Os constrangimentos da governação em Moçambique

Os constrangimentos da governação em Moçambique

7. O drama da fome e da desnutrição crónica

Por Dr. Thomas Selemane

É bom lembrar que, conforme tenho explicado, por constrangimentos da governação entendo serem os aspectos – frutos das opções governativas, portanto resultados da acção humana e não fenómenos naturais – que impedem ou dificultam o nosso desenvolvimento enquanto nação moçambicana.

No ano passado, 2022, vários órgãos de comunicação social noticiaram o facto de haver no nosso país mais de um milhão e meio de pessoas em situação de insegurança alimentar. Diziam as notícias que as razões para o tal drama estavam resumidas nos ataques terroristas em Cabo Delgado e nos desastres naturais – nomeadamente os ciclones Kenneth e IDAI. E acrescentou a imprensa que apesar de Moçambique ter registado na última década uma redução nos níveis de insegurança alimentar de 43% para 38%, desafios persistem, pois, há muitas mulheres grávidas e crianças que passam fome.

Ora, o que a imprensa não disse é o seguinte:

1) Moçambique é um país com 35 milhões de terra arável (utilizável para agricultura e pecuária), mas apenas 14% dessa terra é utilizada. O resto não é utilizado não devido a um desastre natural nem ao terrorismo, mas devido a decisões ou opções políticas tomadas por quem governa o país.

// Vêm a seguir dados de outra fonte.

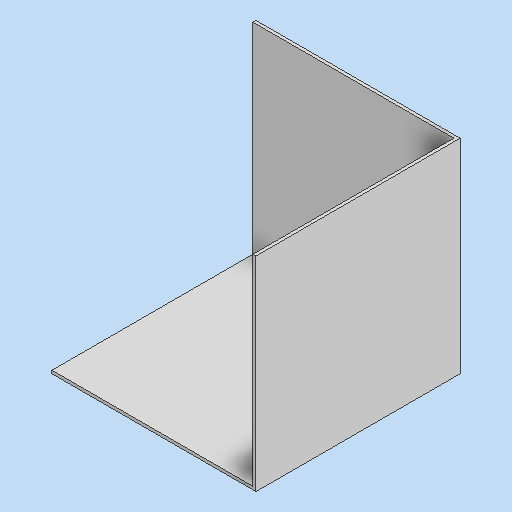
# Autodesk Inventor part: Chassis Constraints
Saved by Autodesk Inventor 2026 (Build 300175000, 175)
## iProperties
Created: 2026-01-28
Part Number: Chassis Constraints
Material: Generic
Document SubType Name: Modeling
Designer: mones
Density: 1 g/cm^3
Appearance: Default
Author: mones
Autodesk Inventor part; units mm, degrees
ref_plane "YZ Plane" through (0, 0, 0) normal (1, 0, 0) x (0, 1, 0)
ref_plane "XZ Plane" through (0, 0, 0) normal (0, 1, 0) x (-1, 0, 0)
ref_plane "XY Plane" through (0, 0, 0) normal (0, 0, 1) x (1, 0, 0)
sketch "Sketch1" plane through (0, 0, 0) normal (0, 1, 0) x (-1, 0, 0)
  line L0 (100, 100) -> (100, -100)
  line L1 (100, -100) -> (-100, -100)
  line L2 (-100, -100) -> (-100, 100)
  line L3 (-100, 100) -> (100, 100)
  line L4 (100, 100) -> (-100, -100) construction
  line L5 (100, -100) -> (-100, 100) construction
  point P0 (0, 0)
  dimension "d0" = 200
  dimension "d1" = 200
  constraints: 12 end point, 2 midpoint, 2 parallel, 1 perpendicular, 1 vertical
  measures "d0" distance of L0.start L0.end
  measures "d1" distance of L0.end L1.end
extrude "Extrusion1" add sketch "Sketch1" along normal blind 3
sketch "Sketch3" plane through (0, 3, 0) normal (0, 1, 0) x (1, 0, 0)
  line L0 (100, -100) -> (100, 100) projected
  line L1 (100, 100) -> (100, -100)
  line L2 (100, -100) -> (97, -100)
  line L3 (97, -100) -> (97, 100)
  line L4 (97, 100) -> (100, 100)
  dimension "d4" = 3
  constraints: 8 end point, 3 equal length, 1 perpendicular
  measures "d4" distance of L0.start L2.end
extrude "Extrusion2" add sketch "Sketch3" along normal blind 197
sketch "Sketch4" plane through (0, 3, 0) normal (0, 1, 0) x (1, 0, 0)
  line L0 (-100, 100) -> (97, 100)
  line L1 (97, 100) -> (97, 97)
  line L2 (97, 97) -> (-100, 97)
  line L3 (-100, 97) -> (-100, 100)
  dimension "d7" = 3
  constraints: 8 end point, 2 parallel, 1 horizontal, 1 perpendicular
  measures "d7" distance of L0.end L1.end
extrude "Extrusion3" add sketch "Sketch4" along normal blind 197
body "Solid1"

2) Com tanta terra arável, muita mão-de-obra disponível e tendo a agricultura definida na Constituição da República como sendo a base de desenvolvimento do país, ainda assim, o país tem cerca de metade das crianças (48%) em situação de desnutrição crónica. Porquê? Por uma série de razões que se podem resumir nos seguintes factores:

  1. a) o sector da agricultura, particularmente o sector familiar e de produção alimentar, apesar de concentrarem 70% da força de trabalho a nível nacional, recebem pouca atenção política e orçamental.
  2. b) a maior quantidade de investimento directo estrangeiro e de inovação acontecem nos sectores de mineração, petróleo e gás, deixando para trás a produção alimentar.
  3. c) grande parte da indústria agrícola foi desmantelada no processo de transformação do país de socialista para capitalista nos anos 1980 e 1990.
  4. d) os nossos governantes contentam-se com a situação de produzir o que não comemos e só exportamos (algodão, tabaco, gergelim, bananas, etc.), e de importarmos o que comemos (arroz, farinha de milho, trigo, etc.).
  5. e) a nossa rede de estradas – como demonstrei no meu texto do mês passado – está configurada para servir os interesses dos países vizinhos, deixando para o segundo plano a ligação entre as zonas de produção agrícola e as zonas de consumo dentro de cada província ou de cada distrito.

 

Vemos, então, que o principal problema reside na secundarização da agricultura. Para inverter a secundarização da agricultura, é necessário que o Poder assuma realmente o princípio constitucional, elaborando e fazendo cumprir uma política agrária explícita, ajustada e estável, com instituições de gestão profissional, que sejam eficazes e eficientes, e com maior afectação de recursos internos. Instituições democráticas que envolvam os agentes económicos nos processos de decisão e fiscalização e tenham capacidade de gerir conflitualidades à luz do Direito e em defesa dos direitos humanos. É necessária uma política agrária que corresponda à promoção de um desenvolvimento sustentável da economia e da sociedade e que seja independente dos interesses económicos e políticos conjunturais.

Ademais, os esforços conducentes a desenvolver o sector da agricultura e produção alimentar nos próximos anos devem estar reflectidos no orçamento por acções concretas e recursos específicos direccionados para promover iniciativas dos agricultores de pequena escala, particularmente mulheres e jovens, focalizando naquelas componentes do orçamento agrário que, quando implementadas, terão impacto directo neste grupo alvo, com destaque para as áreas de: (i) apoio directo à produção, (ii) serviços de investigação e extensão agrária e rural, (iii) sistemas de irrigação de média e pequena escala, (iv) microcrédito e serviços financeiros rurais, v) gestão pós-colheita e (vi) segurança de uso e posse de terra. Particular atenção deve ser dirigida para a agricultura familiar e as opções das práticas agro-ecológicas associadas, para o alcance da soberania alimentar.